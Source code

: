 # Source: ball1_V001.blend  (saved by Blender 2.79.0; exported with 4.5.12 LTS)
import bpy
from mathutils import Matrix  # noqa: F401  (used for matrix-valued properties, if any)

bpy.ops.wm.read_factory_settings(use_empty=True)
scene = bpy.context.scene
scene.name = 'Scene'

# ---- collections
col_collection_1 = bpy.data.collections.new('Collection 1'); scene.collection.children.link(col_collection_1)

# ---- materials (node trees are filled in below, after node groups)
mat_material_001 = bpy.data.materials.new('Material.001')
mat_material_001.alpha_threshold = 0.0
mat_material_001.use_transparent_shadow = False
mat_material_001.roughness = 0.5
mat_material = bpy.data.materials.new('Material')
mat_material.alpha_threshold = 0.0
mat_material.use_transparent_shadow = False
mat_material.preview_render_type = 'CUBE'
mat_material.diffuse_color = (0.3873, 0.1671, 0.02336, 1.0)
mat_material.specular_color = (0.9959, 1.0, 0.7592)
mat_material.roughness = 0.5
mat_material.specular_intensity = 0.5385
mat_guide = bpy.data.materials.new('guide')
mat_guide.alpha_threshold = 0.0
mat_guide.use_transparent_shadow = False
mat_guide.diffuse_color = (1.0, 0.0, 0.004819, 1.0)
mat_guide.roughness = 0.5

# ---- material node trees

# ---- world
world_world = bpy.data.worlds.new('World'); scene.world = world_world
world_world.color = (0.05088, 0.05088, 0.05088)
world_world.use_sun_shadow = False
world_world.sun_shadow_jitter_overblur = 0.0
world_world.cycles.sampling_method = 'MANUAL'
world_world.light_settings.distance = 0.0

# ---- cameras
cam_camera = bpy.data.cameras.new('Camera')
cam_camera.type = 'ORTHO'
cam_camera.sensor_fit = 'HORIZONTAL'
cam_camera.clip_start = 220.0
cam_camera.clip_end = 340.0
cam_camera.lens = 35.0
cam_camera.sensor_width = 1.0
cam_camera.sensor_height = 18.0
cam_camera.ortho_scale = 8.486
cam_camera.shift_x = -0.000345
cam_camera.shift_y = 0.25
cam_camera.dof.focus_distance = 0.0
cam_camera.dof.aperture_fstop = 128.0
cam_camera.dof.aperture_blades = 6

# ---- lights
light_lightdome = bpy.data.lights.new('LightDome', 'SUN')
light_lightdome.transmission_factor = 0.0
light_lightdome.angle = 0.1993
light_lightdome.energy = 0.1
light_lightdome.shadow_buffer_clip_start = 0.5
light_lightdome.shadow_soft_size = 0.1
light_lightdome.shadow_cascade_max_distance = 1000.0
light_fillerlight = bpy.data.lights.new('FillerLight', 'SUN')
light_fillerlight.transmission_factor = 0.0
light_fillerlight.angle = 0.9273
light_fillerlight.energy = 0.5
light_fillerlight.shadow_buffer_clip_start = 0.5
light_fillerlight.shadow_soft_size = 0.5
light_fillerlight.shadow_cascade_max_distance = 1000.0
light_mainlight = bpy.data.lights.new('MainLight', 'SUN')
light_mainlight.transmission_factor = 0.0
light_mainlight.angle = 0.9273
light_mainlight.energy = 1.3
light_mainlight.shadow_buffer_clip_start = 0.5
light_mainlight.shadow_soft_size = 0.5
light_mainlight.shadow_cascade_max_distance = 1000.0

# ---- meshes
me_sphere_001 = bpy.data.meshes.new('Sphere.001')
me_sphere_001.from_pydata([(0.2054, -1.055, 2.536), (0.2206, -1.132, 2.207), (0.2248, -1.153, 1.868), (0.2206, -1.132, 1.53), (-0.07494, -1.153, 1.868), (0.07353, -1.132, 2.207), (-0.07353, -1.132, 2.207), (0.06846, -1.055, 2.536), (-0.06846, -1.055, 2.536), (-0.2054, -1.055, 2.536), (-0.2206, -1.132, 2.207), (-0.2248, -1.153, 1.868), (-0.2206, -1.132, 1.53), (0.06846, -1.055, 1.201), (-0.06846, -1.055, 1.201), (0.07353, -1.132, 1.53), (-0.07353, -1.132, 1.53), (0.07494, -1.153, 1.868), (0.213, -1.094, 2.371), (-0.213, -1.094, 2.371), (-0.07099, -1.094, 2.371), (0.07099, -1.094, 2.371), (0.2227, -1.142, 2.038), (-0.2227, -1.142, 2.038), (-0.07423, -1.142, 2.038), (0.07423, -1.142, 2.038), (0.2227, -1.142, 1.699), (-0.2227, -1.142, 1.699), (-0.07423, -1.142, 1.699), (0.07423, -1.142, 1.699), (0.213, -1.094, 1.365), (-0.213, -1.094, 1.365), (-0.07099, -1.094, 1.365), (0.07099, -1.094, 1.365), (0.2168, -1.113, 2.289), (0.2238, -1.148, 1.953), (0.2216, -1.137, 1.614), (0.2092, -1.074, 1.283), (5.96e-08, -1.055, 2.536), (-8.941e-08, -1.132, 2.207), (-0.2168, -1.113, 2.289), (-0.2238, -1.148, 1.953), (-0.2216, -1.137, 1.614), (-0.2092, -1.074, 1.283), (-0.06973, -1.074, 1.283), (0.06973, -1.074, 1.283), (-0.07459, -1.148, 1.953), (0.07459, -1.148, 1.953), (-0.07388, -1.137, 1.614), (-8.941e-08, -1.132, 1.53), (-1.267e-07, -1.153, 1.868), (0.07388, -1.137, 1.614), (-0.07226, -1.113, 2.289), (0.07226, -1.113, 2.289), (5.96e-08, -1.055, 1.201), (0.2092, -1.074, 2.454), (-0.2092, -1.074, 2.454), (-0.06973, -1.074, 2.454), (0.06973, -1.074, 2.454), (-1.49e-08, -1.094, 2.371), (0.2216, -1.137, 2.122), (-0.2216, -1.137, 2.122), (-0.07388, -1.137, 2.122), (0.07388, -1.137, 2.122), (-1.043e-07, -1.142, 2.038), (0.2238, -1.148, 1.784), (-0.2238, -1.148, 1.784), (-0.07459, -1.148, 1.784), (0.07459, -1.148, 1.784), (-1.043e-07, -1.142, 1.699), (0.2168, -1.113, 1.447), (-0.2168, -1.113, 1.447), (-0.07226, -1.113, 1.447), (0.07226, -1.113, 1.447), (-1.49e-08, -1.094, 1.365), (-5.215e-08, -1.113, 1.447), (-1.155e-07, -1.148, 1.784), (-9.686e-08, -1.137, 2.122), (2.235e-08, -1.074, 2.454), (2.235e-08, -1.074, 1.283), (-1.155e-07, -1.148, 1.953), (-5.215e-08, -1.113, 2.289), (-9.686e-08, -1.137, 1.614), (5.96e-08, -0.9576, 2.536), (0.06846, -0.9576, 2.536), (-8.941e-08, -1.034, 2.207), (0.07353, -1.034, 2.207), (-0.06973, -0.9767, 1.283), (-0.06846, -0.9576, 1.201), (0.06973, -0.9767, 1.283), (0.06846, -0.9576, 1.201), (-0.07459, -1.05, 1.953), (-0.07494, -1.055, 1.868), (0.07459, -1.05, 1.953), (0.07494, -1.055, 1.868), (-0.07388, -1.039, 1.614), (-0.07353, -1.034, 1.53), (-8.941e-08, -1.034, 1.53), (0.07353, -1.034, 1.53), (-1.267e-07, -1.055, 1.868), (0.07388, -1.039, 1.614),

:::::

> **What the task requires**
Given the records above, reproduce precisely and only the lines between the line holding "light_lightdome.energy = 0.1" and the line holding "me_sphere_001 = bpy.data.meshes.new('Sphere.001')", inclusive.

> **Response area**
light_lightdome.energy = 0.1
light_lightdome.shadow_buffer_clip_start = 0.5
light_lightdome.shadow_soft_size = 0.1
light_lightdome.shadow_cascade_max_distance = 1000.0
light_fillerlight = bpy.data.lights.new('FillerLight', 'SUN')
light_fillerlight.transmission_factor = 0.0
light_fillerlight.angle = 0.9273
light_fillerlight.energy = 0.5
light_fillerlight.shadow_buffer_clip_start = 0.5
light_fillerlight.shadow_soft_size = 0.5
light_fillerlight.shadow_cascade_max_distance = 1000.0
light_mainlight = bpy.data.lights.new('MainLight', 'SUN')
light_mainlight.transmission_factor = 0.0
light_mainlight.angle = 0.9273
light_mainlight.energy = 1.3
light_mainlight.shadow_buffer_clip_start = 0.5
light_mainlight.shadow_soft_size = 0.5
light_mainlight.shadow_cascade_max_distance = 1000.0

# ---- meshes
me_sphere_001 = bpy.data.meshes.new('Sphere.001')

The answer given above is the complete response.